═══ SOURCE MATERIAL ═══
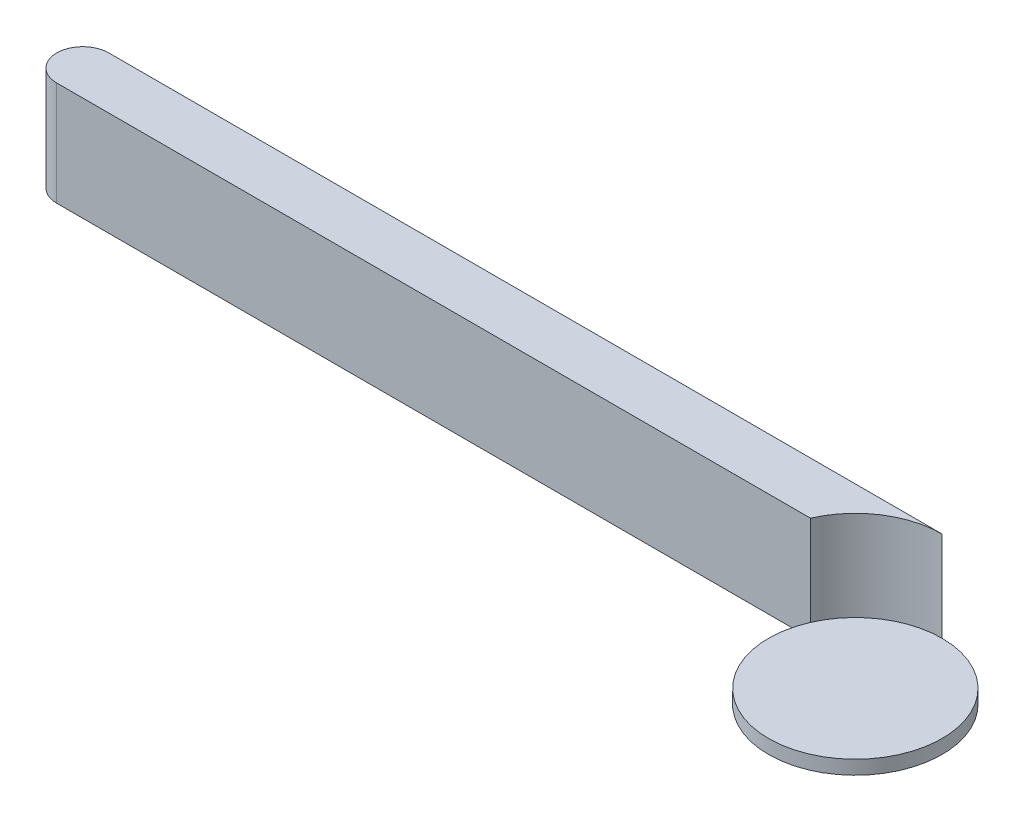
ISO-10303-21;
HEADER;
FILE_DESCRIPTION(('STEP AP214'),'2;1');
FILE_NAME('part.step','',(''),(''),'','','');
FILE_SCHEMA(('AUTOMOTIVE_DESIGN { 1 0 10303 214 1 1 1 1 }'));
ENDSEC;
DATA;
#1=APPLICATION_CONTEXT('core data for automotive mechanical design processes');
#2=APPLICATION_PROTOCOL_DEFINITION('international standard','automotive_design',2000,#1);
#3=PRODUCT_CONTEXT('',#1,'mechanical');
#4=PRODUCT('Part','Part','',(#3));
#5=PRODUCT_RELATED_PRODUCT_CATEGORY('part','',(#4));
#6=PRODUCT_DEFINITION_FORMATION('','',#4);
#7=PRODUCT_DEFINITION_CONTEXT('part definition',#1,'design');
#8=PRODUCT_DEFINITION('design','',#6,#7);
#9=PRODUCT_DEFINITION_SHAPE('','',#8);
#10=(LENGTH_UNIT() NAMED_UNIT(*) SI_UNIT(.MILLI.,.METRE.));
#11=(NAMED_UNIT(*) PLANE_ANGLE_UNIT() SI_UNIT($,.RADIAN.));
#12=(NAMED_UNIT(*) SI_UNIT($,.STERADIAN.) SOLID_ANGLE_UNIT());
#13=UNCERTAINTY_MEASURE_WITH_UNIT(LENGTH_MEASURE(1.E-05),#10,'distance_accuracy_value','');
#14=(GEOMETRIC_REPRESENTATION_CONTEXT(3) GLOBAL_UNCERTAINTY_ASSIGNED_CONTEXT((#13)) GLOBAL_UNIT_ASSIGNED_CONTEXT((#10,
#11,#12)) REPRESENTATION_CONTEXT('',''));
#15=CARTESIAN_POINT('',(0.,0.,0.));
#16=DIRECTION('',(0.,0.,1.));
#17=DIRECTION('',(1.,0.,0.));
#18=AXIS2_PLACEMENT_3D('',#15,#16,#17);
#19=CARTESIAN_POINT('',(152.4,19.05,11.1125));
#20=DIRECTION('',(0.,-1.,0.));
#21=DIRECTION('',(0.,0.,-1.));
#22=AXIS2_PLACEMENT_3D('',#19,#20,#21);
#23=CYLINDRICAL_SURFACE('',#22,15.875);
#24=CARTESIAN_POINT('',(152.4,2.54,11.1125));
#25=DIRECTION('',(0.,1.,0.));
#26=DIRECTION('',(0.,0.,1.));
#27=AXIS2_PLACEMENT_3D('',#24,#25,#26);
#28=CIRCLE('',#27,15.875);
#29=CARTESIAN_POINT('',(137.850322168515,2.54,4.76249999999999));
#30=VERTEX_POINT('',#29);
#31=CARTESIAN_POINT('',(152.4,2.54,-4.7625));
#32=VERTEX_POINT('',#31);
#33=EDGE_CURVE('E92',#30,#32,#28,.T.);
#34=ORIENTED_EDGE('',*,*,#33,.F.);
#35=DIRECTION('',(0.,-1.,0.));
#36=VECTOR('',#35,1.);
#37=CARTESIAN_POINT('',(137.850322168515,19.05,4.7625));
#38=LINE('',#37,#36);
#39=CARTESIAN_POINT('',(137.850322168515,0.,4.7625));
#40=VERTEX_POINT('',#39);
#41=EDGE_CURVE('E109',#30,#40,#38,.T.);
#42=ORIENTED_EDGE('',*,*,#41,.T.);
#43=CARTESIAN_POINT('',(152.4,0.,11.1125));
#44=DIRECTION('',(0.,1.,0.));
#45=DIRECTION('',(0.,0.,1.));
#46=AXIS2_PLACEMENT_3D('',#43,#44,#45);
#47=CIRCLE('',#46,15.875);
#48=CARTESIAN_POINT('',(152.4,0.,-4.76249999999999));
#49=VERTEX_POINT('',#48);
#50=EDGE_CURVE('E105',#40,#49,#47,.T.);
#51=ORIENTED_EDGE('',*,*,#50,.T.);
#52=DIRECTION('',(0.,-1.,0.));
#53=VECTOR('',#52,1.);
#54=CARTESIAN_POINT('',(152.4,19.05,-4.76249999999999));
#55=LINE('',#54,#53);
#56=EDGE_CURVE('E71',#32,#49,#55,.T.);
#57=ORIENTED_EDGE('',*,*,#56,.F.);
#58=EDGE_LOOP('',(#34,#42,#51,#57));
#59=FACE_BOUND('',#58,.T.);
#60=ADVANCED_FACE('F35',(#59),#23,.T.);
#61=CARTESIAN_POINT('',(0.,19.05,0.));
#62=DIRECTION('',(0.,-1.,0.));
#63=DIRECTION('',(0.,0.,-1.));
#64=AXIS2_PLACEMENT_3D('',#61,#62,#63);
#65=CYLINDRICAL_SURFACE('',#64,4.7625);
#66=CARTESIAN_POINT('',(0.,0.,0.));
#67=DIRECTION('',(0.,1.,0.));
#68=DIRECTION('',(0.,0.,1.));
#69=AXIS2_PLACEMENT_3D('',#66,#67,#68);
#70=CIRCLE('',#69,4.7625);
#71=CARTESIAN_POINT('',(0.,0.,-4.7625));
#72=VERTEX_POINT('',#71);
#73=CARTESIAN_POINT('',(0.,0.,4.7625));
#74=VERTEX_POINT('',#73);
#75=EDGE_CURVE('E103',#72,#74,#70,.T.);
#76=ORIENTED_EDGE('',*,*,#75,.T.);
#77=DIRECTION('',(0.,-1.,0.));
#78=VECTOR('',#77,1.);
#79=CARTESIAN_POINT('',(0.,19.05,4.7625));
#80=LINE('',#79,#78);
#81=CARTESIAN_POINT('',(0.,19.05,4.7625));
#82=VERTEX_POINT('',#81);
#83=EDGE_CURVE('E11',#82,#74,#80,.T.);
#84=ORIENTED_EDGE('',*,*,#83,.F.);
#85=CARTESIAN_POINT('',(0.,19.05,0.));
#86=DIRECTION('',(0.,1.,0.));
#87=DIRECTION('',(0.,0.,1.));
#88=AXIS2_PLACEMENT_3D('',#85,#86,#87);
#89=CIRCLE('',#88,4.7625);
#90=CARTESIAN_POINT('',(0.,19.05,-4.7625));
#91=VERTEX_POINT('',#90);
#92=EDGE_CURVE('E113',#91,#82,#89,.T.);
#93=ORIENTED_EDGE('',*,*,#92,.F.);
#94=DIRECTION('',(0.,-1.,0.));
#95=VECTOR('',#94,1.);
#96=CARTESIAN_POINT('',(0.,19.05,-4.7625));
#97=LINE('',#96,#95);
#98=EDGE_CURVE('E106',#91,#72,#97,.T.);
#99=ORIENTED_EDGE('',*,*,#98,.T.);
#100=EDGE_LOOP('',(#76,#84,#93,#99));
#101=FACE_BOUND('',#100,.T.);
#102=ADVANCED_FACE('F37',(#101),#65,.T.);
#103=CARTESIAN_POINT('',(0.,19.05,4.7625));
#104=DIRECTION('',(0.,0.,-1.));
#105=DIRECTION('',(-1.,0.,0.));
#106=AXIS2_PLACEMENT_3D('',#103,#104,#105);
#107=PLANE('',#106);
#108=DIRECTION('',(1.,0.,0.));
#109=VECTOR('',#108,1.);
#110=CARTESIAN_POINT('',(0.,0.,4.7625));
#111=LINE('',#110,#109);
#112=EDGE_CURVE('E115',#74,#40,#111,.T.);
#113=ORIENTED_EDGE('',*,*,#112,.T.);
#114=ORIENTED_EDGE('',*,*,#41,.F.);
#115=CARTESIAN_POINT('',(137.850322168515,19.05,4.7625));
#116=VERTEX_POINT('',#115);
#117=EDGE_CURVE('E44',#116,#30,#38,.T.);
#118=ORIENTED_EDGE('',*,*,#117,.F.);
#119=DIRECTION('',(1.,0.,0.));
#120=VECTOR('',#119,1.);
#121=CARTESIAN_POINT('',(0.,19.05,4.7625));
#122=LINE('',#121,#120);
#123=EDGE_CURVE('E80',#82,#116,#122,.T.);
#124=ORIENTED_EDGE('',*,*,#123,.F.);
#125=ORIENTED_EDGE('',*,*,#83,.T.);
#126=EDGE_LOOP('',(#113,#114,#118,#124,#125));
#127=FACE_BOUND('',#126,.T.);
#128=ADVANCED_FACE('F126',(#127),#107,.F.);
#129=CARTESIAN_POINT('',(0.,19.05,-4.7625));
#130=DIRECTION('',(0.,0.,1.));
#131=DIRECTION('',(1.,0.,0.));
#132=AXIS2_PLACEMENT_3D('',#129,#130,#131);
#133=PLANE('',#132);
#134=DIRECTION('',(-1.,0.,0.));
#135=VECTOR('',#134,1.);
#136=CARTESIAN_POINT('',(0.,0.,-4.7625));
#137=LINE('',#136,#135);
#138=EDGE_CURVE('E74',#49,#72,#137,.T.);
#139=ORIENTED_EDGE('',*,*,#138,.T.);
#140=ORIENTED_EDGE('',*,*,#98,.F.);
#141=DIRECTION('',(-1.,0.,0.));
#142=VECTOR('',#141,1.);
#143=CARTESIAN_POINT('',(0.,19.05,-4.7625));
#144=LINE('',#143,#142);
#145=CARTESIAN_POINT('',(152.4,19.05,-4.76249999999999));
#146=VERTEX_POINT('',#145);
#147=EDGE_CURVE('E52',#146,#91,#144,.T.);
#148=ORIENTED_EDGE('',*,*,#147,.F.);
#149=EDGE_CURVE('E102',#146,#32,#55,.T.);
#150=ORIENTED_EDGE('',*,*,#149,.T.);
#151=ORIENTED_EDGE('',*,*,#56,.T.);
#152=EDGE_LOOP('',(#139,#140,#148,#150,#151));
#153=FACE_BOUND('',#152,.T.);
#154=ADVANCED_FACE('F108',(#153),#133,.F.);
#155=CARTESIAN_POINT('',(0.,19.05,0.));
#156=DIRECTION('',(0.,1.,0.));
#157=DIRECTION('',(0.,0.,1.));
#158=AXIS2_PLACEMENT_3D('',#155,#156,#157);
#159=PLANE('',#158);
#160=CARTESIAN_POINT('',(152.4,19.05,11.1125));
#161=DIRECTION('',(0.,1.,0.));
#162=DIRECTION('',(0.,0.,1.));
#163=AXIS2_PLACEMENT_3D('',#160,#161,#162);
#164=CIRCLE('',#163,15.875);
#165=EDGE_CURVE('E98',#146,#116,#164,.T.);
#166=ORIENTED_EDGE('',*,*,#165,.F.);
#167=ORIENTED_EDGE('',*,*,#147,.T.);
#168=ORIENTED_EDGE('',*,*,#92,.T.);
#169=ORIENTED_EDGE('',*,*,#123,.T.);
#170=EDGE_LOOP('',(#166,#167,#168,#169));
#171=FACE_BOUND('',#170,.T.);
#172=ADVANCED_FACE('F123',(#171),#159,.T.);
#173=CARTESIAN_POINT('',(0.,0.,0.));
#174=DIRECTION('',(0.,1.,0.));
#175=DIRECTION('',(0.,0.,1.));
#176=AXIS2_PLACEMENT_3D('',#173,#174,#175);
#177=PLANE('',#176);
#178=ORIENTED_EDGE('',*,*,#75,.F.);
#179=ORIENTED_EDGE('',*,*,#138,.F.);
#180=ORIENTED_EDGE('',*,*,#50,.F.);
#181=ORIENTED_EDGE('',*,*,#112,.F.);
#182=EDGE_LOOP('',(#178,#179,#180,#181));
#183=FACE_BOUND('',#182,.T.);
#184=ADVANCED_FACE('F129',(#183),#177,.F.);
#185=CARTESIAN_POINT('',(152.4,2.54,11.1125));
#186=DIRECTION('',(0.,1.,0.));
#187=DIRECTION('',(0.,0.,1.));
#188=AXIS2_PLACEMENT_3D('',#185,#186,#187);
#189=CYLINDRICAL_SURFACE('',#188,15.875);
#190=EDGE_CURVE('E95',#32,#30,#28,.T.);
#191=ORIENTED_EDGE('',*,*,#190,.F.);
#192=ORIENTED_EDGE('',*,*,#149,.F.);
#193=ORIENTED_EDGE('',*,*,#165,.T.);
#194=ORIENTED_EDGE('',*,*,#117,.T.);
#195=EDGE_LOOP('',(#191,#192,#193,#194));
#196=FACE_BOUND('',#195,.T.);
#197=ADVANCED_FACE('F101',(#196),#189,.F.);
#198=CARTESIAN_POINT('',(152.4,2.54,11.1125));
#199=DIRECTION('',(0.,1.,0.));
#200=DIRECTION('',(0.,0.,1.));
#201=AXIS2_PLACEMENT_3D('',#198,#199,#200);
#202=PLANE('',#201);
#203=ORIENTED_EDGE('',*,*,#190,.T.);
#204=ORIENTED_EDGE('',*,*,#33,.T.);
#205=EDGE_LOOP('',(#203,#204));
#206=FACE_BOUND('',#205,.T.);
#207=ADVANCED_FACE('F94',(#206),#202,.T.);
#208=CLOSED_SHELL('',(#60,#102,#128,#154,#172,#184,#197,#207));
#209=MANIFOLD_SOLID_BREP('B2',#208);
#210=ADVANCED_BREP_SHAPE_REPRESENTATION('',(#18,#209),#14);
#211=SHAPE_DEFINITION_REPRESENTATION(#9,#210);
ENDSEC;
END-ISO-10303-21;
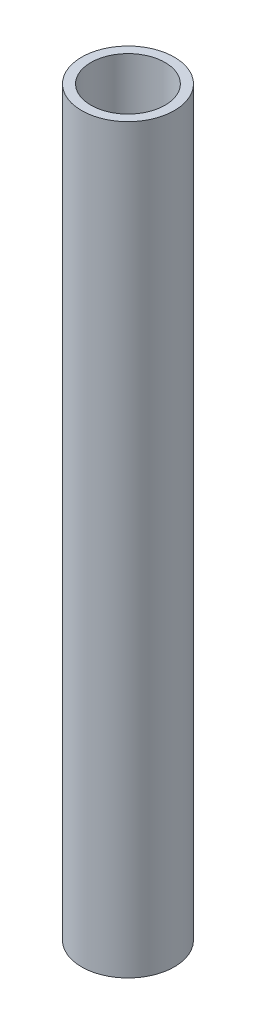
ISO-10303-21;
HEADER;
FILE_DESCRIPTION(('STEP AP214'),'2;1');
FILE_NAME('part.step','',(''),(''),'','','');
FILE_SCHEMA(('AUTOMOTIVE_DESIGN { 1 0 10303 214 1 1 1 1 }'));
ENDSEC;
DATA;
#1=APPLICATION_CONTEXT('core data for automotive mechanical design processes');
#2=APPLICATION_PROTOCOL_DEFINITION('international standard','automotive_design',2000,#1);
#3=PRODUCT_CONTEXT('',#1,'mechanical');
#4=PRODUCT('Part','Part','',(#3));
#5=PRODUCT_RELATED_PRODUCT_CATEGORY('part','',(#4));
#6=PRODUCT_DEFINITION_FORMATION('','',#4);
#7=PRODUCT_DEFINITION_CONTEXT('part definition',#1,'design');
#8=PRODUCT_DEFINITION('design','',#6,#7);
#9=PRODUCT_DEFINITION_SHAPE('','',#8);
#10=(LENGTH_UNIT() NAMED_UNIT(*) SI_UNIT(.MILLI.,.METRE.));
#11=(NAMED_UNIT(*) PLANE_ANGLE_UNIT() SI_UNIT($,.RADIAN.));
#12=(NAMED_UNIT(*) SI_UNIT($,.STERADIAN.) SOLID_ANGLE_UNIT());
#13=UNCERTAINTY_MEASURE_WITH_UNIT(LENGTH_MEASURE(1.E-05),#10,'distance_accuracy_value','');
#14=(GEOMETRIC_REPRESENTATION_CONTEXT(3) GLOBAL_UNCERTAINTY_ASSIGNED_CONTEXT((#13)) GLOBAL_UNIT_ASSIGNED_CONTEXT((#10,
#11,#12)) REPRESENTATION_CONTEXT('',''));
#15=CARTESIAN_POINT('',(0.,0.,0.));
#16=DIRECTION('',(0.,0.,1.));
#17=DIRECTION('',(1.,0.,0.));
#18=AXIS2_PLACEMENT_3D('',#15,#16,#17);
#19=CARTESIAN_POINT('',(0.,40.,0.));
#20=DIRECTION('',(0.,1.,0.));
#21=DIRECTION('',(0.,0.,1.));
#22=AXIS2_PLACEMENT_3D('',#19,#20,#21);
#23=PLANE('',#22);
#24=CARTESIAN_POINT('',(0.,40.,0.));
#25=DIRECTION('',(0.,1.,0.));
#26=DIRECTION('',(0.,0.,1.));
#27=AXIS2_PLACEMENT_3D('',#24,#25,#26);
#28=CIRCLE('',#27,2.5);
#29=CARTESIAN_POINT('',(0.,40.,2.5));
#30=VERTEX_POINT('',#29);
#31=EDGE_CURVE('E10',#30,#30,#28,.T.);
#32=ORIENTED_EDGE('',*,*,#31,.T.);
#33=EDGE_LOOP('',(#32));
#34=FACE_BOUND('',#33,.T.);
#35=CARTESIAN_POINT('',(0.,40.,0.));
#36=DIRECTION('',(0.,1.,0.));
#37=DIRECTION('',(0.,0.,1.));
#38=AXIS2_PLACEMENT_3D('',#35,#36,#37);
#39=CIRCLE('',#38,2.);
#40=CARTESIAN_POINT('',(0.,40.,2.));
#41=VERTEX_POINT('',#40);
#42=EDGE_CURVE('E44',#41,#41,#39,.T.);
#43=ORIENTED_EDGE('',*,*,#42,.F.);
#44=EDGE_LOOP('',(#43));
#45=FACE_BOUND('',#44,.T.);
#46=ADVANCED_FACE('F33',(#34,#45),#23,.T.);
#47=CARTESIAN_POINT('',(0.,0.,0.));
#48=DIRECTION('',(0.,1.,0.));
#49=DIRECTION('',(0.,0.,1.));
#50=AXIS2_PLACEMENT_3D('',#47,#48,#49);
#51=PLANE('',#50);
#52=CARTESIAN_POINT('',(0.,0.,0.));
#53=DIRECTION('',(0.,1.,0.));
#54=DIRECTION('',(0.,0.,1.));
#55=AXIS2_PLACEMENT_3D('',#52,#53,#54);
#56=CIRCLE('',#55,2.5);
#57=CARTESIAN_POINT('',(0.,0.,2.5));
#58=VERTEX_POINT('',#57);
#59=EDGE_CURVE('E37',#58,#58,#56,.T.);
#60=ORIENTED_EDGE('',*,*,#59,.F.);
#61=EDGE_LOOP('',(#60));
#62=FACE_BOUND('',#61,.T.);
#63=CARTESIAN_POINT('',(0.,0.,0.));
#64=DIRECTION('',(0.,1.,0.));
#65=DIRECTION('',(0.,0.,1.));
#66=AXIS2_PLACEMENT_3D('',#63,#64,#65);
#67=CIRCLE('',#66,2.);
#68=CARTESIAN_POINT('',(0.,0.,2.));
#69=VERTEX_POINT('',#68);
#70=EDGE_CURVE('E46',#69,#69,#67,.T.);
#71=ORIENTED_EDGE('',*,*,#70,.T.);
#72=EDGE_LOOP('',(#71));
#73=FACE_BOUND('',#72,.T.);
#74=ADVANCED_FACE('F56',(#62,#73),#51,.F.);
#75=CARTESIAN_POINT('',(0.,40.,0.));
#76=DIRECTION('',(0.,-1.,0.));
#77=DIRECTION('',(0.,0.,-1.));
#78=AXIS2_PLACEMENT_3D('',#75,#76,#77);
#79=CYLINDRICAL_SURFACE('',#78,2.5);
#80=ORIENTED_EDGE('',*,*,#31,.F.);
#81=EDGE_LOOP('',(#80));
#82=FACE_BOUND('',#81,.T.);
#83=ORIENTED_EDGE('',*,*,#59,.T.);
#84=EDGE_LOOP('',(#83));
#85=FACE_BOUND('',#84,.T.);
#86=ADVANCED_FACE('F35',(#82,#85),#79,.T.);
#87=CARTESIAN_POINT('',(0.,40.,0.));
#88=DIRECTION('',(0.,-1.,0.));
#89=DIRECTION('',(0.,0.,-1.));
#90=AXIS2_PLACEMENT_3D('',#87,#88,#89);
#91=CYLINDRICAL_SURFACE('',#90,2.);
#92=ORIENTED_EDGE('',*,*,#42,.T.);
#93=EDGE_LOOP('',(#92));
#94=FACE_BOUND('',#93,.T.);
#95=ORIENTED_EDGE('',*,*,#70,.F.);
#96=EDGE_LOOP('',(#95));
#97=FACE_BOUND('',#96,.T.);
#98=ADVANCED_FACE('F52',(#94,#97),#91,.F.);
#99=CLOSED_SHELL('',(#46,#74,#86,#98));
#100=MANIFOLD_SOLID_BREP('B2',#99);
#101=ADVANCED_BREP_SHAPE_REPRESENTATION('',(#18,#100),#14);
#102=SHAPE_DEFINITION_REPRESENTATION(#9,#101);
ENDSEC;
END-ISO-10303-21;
═══
**THE PROBLEM:** Here the output must be the lines above from the line with "#162=DIRECTION('',(0.,0.,1.));" to the line with "#167=ORIENTED_EDGE('',*,*,#147,.T.);", both included, duplicated word for word and nothing else.

**TASK ANSWER:**
#162=DIRECTION('',(0.,0.,1.));
#163=AXIS2_PLACEMENT_3D('',#160,#161,#162);
#164=CIRCLE('',#163,15.875);
#165=EDGE_CURVE('E98',#146,#116,#164,.T.);
#166=ORIENTED_EDGE('',*,*,#165,.F.);
#167=ORIENTED_EDGE('',*,*,#147,.T.);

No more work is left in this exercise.